─── Dataset entries

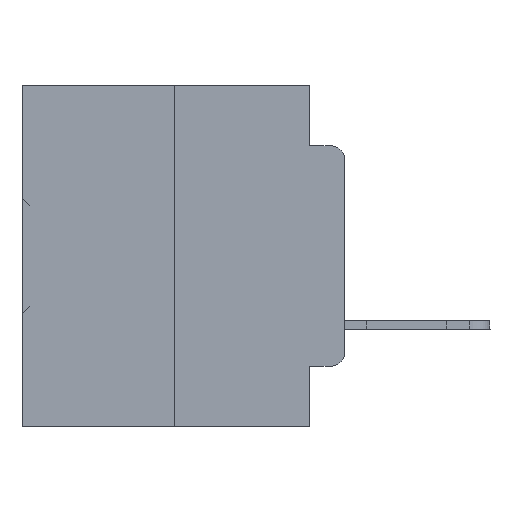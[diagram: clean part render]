
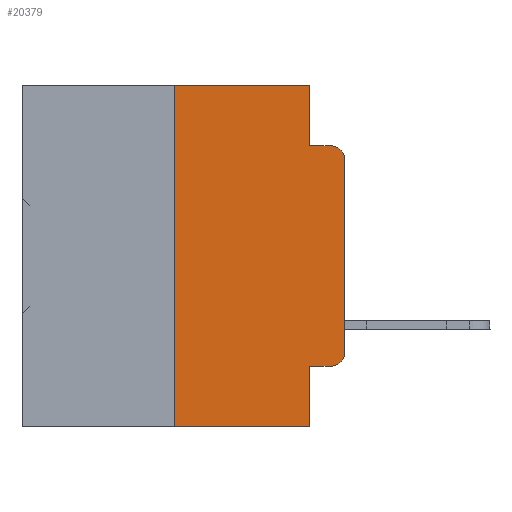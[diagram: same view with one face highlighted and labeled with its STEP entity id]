
A CAD part, left-side view. The second image highlights one B-rep face of the part: STEP entity #20379.
In plain terms, the highlighted planar face has unit normal (-1, 0, 0).
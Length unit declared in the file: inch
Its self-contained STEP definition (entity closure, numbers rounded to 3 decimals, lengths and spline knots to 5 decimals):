
#740 = VECTOR ( 'NONE', #26539, 39.37008 ) ;
#1156 = VERTEX_POINT ( 'NONE', #25447 ) ;
#1687 = AXIS2_PLACEMENT_3D ( 'NONE', #11143, #17185, #28903 ) ;
#2609 = DIRECTION ( 'NONE',  ( 0., 0., -1. ) ) ;
#2791 = EDGE_CURVE ( 'NONE', #1156, #29132, #18336, .T. ) ;
#3049 = VECTOR ( 'NONE', #20105, 39.37008 ) ;
#3114 = DIRECTION ( 'NONE',  ( 0., 0., -1. ) ) ;
#3377 = VECTOR ( 'NONE', #2609, 39.37008 ) ;
#3531 = VERTEX_POINT ( 'NONE', #35817 ) ;
#3752 = CARTESIAN_POINT ( 'NONE',  ( 0., 0., -0.3915 ) ) ;
#3881 = ORIENTED_EDGE ( 'NONE', *, *, #6871, .T. ) ;
#3996 = ORIENTED_EDGE ( 'NONE', *, *, #18264, .T. ) ;
#4019 = VECTOR ( 'NONE', #18804, 39.37008 ) ;
#4072 = EDGE_CURVE ( 'NONE', #28393, #5817, #15472, .T. ) ;
#5779 = CARTESIAN_POINT ( 'NONE',  ( 0., 0.051, -0.4115 ) ) ;
#5817 = VERTEX_POINT ( 'NONE', #22514 ) ;
#6164 = CARTESIAN_POINT ( 'NONE',  ( 0., 0.25, 0. ) ) ;
#6288 = ORIENTED_EDGE ( 'NONE', *, *, #2791, .F. ) ;
#6392 = ORIENTED_EDGE ( 'NONE', *, *, #32384, .F. ) ;
#6527 = CARTESIAN_POINT ( 'NONE',  ( 0., 0.02, -0.3915 ) ) ;
#6589 = ORIENTED_EDGE ( 'NONE', *, *, #4072, .F. ) ;
#6659 = AXIS2_PLACEMENT_3D ( 'NONE', #6527, #15258, #3114 ) ;
#6871 = EDGE_CURVE ( 'NONE', #37496, #26566, #12885, .T. ) ;
#6874 = LINE ( 'NONE', #5779, #740 ) ;
#6928 = EDGE_CURVE ( 'NONE', #26566, #3531, #20869, .T. ) ;
#7591 = DIRECTION ( 'NONE',  ( 0., -1., 0. ) ) ;
#11143 = CARTESIAN_POINT ( 'NONE',  ( 0., 0.473, 0. ) ) ;
#11399 = CARTESIAN_POINT ( 'NONE',  ( 0., 0.051, 0. ) ) ;
#12140 = DIRECTION ( 'NONE',  ( 0., 0., 1. ) ) ;
#12146 = CARTESIAN_POINT ( 'NONE',  ( 0., 0.25, -0.5 ) ) ;
#12395 = ORIENTED_EDGE ( 'NONE', *, *, #6928, .T. ) ;
#12885 = CIRCLE ( 'NONE', #6659, 0.02 ) ;
#13169 = EDGE_LOOP ( 'NONE', ( #12395, #3996, #6392, #6589, #22285, #24841, #32941, #6288, #21788, #3881 ) ) ;
#13302 = CARTESIAN_POINT ( 'NONE',  ( 0., 0.473, 0. ) ) ;
#13767 = VERTEX_POINT ( 'NONE', #37530 ) ;
#13894 = DIRECTION ( 'NONE',  ( -1., 0., 0. ) ) ;
#14362 = CARTESIAN_POINT ( 'NONE',  ( 0., 0.051, 0. ) ) ;
#15157 = CARTESIAN_POINT ( 'NONE',  ( 0., 0.02, -0.0885 ) ) ;
#15258 = DIRECTION ( 'NONE',  ( -1., 0., 0. ) ) ;
#15472 = LINE ( 'NONE', #38617, #26693 ) ;
#16474 = CARTESIAN_POINT ( 'NONE',  ( 0., 0.02, -0.4115 ) ) ;
#16534 = CIRCLE ( 'NONE', #25448, 0.02 ) ;
#17185 = DIRECTION ( 'NONE',  ( 1., 0., 0. ) ) ;
#17389 = VERTEX_POINT ( 'NONE', #12146 ) ;
#18264 = EDGE_CURVE ( 'NONE', #3531, #34360, #16534, .T. ) ;
#18336 = LINE ( 'NONE', #14362, #3377 ) ;
#18804 = DIRECTION ( 'NONE',  ( 0., 0., 1. ) ) ;
#19968 = EDGE_CURVE ( 'NONE', #17389, #29132, #36346, .T. ) ;
#20105 = DIRECTION ( 'NONE',  ( 0., -1., 0. ) ) ;
#20351 = LINE ( 'NONE', #37887, #3049 ) ;
#20379 = ADVANCED_FACE ( 'NONE', ( #26092 ), #20845, .F. ) ;
#20845 = PLANE ( 'NONE',  #1687 ) ;
#20869 = LINE ( 'NONE', #22701, #4019 ) ;
#21788 = ORIENTED_EDGE ( 'NONE', *, *, #37689, .T. ) ;
#22285 = ORIENTED_EDGE ( 'NONE', *, *, #22594, .F. ) ;
#22514 = CARTESIAN_POINT ( 'NONE',  ( 0., 0.051, -0.0885 ) ) ;
#22594 = EDGE_CURVE ( 'NONE', #13767, #28393, #28731, .T. ) ;
#22701 = CARTESIAN_POINT ( 'NONE',  ( 0., 0., 0. ) ) ;
#23561 = LINE ( 'NONE', #6164, #36567 ) ;
#24841 = ORIENTED_EDGE ( 'NONE', *, *, #36317, .F. ) ;
#25447 = CARTESIAN_POINT ( 'NONE',  ( 0., 0.051, -0.4115 ) ) ;
#25448 = AXIS2_PLACEMENT_3D ( 'NONE', #34351, #13894, #34754 ) ;
#26092 = FACE_OUTER_BOUND ( 'NONE', #13169, .T. ) ;
#26539 = DIRECTION ( 'NONE',  ( 0., -1., 0. ) ) ;
#26566 = VERTEX_POINT ( 'NONE', #3752 ) ;
#26693 = VECTOR ( 'NONE', #38491, 39.37008 ) ;
#27273 = DIRECTION ( 'NONE',  ( 0., -1., 0. ) ) ;
#28393 = VERTEX_POINT ( 'NONE', #11399 ) ;
#28731 = LINE ( 'NONE', #13302, #36643 ) ;
#28903 = DIRECTION ( 'NONE',  ( 0., 0., -1. ) ) ;
#29132 = VERTEX_POINT ( 'NONE', #33365 ) ;
#32384 = EDGE_CURVE ( 'NONE', #5817, #34360, #20351, .T. ) ;
#32941 = ORIENTED_EDGE ( 'NONE', *, *, #19968, .T. ) ;
#33365 = CARTESIAN_POINT ( 'NONE',  ( 0., 0.051, -0.5 ) ) ;
#34351 = CARTESIAN_POINT ( 'NONE',  ( 0., 0.02, -0.1085 ) ) ;
#34360 = VERTEX_POINT ( 'NONE', #15157 ) ;
#34754 = DIRECTION ( 'NONE',  ( 0., 0., -1. ) ) ;
#35817 = CARTESIAN_POINT ( 'NONE',  ( 0., 0., -0.1085 ) ) ;
#35940 = CARTESIAN_POINT ( 'NONE',  ( 0., 0.473, -0.5 ) ) ;
#36317 = EDGE_CURVE ( 'NONE', #17389, #13767, #23561, .T. ) ;
#36346 = LINE ( 'NONE', #35940, #38183 ) ;
#36567 = VECTOR ( 'NONE', #12140, 39.37008 ) ;
#36643 = VECTOR ( 'NONE', #7591, 39.37008 ) ;
#37496 = VERTEX_POINT ( 'NONE', #16474 ) ;
#37530 = CARTESIAN_POINT ( 'NONE',  ( 0., 0.25, 0. ) ) ;
#37689 = EDGE_CURVE ( 'NONE', #1156, #37496, #6874, .T. ) ;
#37887 = CARTESIAN_POINT ( 'NONE',  ( 0., 0.051, -0.0885 ) ) ;
#38183 = VECTOR ( 'NONE', #27273, 39.37008 ) ;
#38491 = DIRECTION ( 'NONE',  ( 0., 0., -1. ) ) ;
#38617 = CARTESIAN_POINT ( 'NONE',  ( 0., 0.051, 0. ) ) ;

──────

__Brief__
Write out each line exactly, starting with the line that contains "#26539 = DIRECTION" and stopping after the last line of the data.

__Solution to this exercise__
#26539 = DIRECTION ( 'NONE',  ( 0., -1., 0. ) ) ;
#26566 = VERTEX_POINT ( 'NONE', #3752 ) ;
#26693 = VECTOR ( 'NONE', #38491, 39.37008 ) ;
#27273 = DIRECTION ( 'NONE',  ( 0., -1., 0. ) ) ;
#28393 = VERTEX_POINT ( 'NONE', #11399 ) ;
#28731 = LINE ( 'NONE', #13302, #36643 ) ;
#28903 = DIRECTION ( 'NONE',  ( 0., 0., -1. ) ) ;
#29132 = VERTEX_POINT ( 'NONE', #33365 ) ;
#32384 = EDGE_CURVE ( 'NONE', #5817, #34360, #20351, .T. ) ;
#32941 = ORIENTED_EDGE ( 'NONE', *, *, #19968, .T. ) ;
#33365 = CARTESIAN_POINT ( 'NONE',  ( 0., 0.051, -0.5 ) ) ;
#34351 = CARTESIAN_POINT ( 'NONE',  ( 0., 0.02, -0.1085 ) ) ;
#34360 = VERTEX_POINT ( 'NONE', #15157 ) ;
#34754 = DIRECTION ( 'NONE',  ( 0., 0., -1. ) ) ;
#35817 = CARTESIAN_POINT ( 'NONE',  ( 0., 0., -0.1085 ) ) ;
#35940 = CARTESIAN_POINT ( 'NONE',  ( 0., 0.473, -0.5 ) ) ;
#36317 = EDGE_CURVE ( 'NONE', #17389, #13767, #23561, .T. ) ;
#36346 = LINE ( 'NONE', #35940, #38183 ) ;
#36567 = VECTOR ( 'NONE', #12140, 39.37008 ) ;
#36643 = VECTOR ( 'NONE', #7591, 39.37008 ) ;
#37496 = VERTEX_POINT ( 'NONE', #16474 ) ;
#37530 = CARTESIAN_POINT ( 'NONE',  ( 0., 0.25, 0. ) ) ;
#37689 = EDGE_CURVE ( 'NONE', #1156, #37496, #6874, .T. ) ;
#37887 = CARTESIAN_POINT ( 'NONE',  ( 0., 0.051, -0.0885 ) ) ;
#38183 = VECTOR ( 'NONE', #27273, 39.37008 ) ;
#38491 = DIRECTION ( 'NONE',  ( 0., 0., -1. ) ) ;
#38617 = CARTESIAN_POINT ( 'NONE',  ( 0., 0.051, 0. ) ) ;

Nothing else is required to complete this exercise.